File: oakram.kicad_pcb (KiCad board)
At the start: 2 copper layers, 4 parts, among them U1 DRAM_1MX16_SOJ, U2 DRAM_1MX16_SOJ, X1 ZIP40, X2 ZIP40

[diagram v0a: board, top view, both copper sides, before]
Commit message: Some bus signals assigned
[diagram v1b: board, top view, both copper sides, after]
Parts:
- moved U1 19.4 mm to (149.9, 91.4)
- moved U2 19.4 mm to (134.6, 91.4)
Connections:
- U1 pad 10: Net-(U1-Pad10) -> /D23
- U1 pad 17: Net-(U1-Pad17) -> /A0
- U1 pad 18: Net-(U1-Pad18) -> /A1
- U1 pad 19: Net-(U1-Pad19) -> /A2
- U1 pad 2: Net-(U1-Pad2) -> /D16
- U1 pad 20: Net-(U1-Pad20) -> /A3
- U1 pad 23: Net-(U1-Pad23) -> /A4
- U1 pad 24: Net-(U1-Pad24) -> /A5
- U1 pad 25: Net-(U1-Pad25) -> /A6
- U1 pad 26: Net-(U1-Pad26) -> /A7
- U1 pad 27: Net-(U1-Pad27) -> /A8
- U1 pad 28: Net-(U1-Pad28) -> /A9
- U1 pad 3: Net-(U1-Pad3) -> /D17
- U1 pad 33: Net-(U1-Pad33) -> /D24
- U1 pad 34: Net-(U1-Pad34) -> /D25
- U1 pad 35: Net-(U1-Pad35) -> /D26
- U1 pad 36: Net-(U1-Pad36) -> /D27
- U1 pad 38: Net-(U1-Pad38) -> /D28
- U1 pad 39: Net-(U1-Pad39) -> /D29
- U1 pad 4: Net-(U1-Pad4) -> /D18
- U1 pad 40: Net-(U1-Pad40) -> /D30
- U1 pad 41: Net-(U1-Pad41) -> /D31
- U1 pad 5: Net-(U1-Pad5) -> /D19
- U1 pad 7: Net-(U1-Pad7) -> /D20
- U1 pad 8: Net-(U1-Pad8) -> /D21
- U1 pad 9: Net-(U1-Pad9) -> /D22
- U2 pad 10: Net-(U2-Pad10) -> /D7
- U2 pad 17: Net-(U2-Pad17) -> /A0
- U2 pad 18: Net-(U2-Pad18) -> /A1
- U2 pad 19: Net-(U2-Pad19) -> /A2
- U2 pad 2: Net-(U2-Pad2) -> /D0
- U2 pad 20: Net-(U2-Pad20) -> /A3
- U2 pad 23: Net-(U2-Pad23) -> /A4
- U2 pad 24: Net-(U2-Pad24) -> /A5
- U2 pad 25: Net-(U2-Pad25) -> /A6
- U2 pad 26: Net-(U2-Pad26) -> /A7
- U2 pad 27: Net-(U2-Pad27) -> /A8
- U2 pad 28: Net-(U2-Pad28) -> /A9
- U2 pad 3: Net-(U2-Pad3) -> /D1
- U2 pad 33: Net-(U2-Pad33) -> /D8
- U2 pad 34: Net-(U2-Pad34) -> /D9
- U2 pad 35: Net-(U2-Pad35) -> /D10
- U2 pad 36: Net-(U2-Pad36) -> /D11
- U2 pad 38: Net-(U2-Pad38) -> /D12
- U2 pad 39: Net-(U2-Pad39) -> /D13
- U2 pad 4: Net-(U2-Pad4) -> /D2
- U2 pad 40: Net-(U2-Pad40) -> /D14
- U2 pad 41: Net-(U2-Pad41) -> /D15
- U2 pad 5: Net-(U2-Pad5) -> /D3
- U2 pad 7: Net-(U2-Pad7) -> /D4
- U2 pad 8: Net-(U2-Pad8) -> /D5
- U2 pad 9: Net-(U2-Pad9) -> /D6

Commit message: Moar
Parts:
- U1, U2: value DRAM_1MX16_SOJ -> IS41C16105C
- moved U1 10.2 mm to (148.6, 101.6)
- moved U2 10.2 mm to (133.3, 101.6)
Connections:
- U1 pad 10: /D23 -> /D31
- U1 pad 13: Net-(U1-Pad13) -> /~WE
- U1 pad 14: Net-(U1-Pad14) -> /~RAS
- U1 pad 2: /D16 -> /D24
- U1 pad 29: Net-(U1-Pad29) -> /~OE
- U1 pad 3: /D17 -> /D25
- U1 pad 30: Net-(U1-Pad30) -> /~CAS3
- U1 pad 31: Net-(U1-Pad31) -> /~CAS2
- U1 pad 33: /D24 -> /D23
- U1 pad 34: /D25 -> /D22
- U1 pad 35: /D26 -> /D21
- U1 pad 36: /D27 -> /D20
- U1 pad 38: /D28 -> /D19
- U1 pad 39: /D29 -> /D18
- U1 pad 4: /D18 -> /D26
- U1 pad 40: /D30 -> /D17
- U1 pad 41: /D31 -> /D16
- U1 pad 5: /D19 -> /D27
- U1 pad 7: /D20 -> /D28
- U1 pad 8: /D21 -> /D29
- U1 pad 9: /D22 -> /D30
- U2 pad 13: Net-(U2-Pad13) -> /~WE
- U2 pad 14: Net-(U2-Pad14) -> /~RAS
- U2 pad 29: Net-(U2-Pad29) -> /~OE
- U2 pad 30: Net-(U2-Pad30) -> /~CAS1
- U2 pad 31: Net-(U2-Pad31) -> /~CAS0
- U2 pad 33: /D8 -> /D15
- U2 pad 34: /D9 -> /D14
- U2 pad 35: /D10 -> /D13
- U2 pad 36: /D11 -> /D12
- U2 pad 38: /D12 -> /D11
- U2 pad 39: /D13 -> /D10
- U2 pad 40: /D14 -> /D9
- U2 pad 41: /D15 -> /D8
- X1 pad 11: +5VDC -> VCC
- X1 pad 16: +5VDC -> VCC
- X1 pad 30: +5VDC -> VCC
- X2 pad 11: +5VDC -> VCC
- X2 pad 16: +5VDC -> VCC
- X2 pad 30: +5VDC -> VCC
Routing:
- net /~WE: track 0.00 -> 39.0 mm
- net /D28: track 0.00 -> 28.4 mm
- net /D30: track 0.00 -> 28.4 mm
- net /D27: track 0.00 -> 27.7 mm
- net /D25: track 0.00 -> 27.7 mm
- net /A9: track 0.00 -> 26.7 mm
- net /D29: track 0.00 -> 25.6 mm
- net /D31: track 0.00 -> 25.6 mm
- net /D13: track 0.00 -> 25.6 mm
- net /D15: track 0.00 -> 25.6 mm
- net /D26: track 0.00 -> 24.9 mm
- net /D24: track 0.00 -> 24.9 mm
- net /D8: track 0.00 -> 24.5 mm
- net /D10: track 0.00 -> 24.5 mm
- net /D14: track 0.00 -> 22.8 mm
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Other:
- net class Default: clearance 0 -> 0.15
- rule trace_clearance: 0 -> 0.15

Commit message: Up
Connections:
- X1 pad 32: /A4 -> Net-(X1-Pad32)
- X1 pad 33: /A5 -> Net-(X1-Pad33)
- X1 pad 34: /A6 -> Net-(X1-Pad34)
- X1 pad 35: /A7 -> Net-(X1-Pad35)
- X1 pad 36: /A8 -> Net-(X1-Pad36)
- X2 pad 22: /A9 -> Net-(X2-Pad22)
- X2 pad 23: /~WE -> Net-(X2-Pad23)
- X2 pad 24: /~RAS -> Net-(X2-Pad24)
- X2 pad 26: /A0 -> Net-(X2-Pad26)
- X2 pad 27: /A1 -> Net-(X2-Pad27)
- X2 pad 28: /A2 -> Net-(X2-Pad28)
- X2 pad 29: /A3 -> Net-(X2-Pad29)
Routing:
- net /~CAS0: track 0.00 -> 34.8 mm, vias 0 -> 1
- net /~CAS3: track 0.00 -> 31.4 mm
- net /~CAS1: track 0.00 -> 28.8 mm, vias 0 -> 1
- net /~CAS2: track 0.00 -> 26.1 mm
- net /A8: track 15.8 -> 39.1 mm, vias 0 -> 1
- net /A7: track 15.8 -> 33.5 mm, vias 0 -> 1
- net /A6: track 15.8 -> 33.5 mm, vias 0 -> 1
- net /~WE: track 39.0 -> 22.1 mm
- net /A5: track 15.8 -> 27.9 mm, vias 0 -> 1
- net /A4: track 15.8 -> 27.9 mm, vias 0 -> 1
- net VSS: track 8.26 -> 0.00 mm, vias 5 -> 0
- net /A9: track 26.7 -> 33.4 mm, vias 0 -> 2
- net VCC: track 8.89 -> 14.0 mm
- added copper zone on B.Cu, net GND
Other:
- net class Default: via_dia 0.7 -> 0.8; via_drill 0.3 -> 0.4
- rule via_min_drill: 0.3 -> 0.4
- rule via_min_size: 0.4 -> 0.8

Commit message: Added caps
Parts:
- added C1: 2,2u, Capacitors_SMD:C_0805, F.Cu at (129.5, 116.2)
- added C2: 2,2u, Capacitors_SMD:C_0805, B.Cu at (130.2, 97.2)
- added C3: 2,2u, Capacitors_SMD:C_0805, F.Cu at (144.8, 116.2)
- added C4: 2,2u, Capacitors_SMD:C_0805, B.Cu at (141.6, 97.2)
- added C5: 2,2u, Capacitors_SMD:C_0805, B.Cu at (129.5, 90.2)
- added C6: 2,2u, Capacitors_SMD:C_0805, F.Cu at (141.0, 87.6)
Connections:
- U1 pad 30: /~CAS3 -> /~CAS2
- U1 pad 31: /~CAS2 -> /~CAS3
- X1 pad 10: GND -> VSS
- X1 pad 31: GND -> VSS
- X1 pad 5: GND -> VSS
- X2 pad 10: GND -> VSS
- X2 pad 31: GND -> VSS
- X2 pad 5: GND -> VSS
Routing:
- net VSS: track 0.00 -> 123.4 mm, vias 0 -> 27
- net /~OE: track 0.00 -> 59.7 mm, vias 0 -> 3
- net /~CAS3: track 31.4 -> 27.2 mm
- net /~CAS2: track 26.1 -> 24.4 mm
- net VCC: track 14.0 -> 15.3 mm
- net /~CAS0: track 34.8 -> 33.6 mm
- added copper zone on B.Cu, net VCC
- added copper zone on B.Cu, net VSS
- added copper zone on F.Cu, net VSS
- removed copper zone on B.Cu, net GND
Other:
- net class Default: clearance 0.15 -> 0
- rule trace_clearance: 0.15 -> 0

:::

* **Task instructions**
Each line in the listing above from the one containing "- U1 pad 5: Net-(U1-Pad5) -> /D19" through the one containing "- U2 pad 40: /D14 -> /D9" should be repeated exactly, and no other line.

* **Solution**
- U1 pad 5: Net-(U1-Pad5) -> /D19
- U1 pad 7: Net-(U1-Pad7) -> /D20
- U1 pad 8: Net-(U1-Pad8) -> /D21
- U1 pad 9: Net-(U1-Pad9) -> /D22
- U2 pad 10: Net-(U2-Pad10) -> /D7
- U2 pad 17: Net-(U2-Pad17) -> /A0
- U2 pad 18: Net-(U2-Pad18) -> /A1
- U2 pad 19: Net-(U2-Pad19) -> /A2
- U2 pad 2: Net-(U2-Pad2) -> /D0
- U2 pad 20: Net-(U2-Pad20) -> /A3
- U2 pad 23: Net-(U2-Pad23) -> /A4
- U2 pad 24: Net-(U2-Pad24) -> /A5
- U2 pad 25: Net-(U2-Pad25) -> /A6
- U2 pad 26: Net-(U2-Pad26) -> /A7
- U2 pad 27: Net-(U2-Pad27) -> /A8
- U2 pad 28: Net-(U2-Pad28) -> /A9
- U2 pad 3: Net-(U2-Pad3) -> /D1
- U2 pad 33: Net-(U2-Pad33) -> /D8
- U2 pad 34: Net-(U2-Pad34) -> /D9
- U2 pad 35: Net-(U2-Pad35) -> /D10
- U2 pad 36: Net-(U2-Pad36) -> /D11
- U2 pad 38: Net-(U2-Pad38) -> /D12
- U2 pad 39: Net-(U2-Pad39) -> /D13
- U2 pad 4: Net-(U2-Pad4) -> /D2
- U2 pad 40: Net-(U2-Pad40) -> /D14
- U2 pad 41: Net-(U2-Pad41) -> /D15
- U2 pad 5: Net-(U2-Pad5) -> /D3
- U2 pad 7: Net-(U2-Pad7) -> /D4
- U2 pad 8: Net-(U2-Pad8) -> /D5
- U2 pad 9: Net-(U2-Pad9) -> /D6

Commit message: Moar
Parts:
- U1, U2: value DRAM_1MX16_SOJ -> IS41C16105C
- moved U1 10.2 mm to (148.6, 101.6)
- moved U2 10.2 mm to (133.3, 101.6)
Connections:
- U1 pad 10: /D23 -> /D31
- U1 pad 13: Net-(U1-Pad13) -> /~WE
- U1 pad 14: Net-(U1-Pad14) -> /~RAS
- U1 pad 2: /D16 -> /D24
- U1 pad 29: Net-(U1-Pad29) -> /~OE
- U1 pad 3: /D17 -> /D25
- U1 pad 30: Net-(U1-Pad30) -> /~CAS3
- U1 pad 31: Net-(U1-Pad31) -> /~CAS2
- U1 pad 33: /D24 -> /D23
- U1 pad 34: /D25 -> /D22
- U1 pad 35: /D26 -> /D21
- U1 pad 36: /D27 -> /D20
- U1 pad 38: /D28 -> /D19
- U1 pad 39: /D29 -> /D18
- U1 pad 4: /D18 -> /D26
- U1 pad 40: /D30 -> /D17
- U1 pad 41: /D31 -> /D16
- U1 pad 5: /D19 -> /D27
- U1 pad 7: /D20 -> /D28
- U1 pad 8: /D21 -> /D29
- U1 pad 9: /D22 -> /D30
- U2 pad 13: Net-(U2-Pad13) -> /~WE
- U2 pad 14: Net-(U2-Pad14) -> /~RAS
- U2 pad 29: Net-(U2-Pad29) -> /~OE
- U2 pad 30: Net-(U2-Pad30) -> /~CAS1
- U2 pad 31: Net-(U2-Pad31) -> /~CAS0
- U2 pad 33: /D8 -> /D15
- U2 pad 34: /D9 -> /D14
- U2 pad 35: /D10 -> /D13
- U2 pad 36: /D11 -> /D12
- U2 pad 38: /D12 -> /D11
- U2 pad 39: /D13 -> /D10
- U2 pad 40: /D14 -> /D9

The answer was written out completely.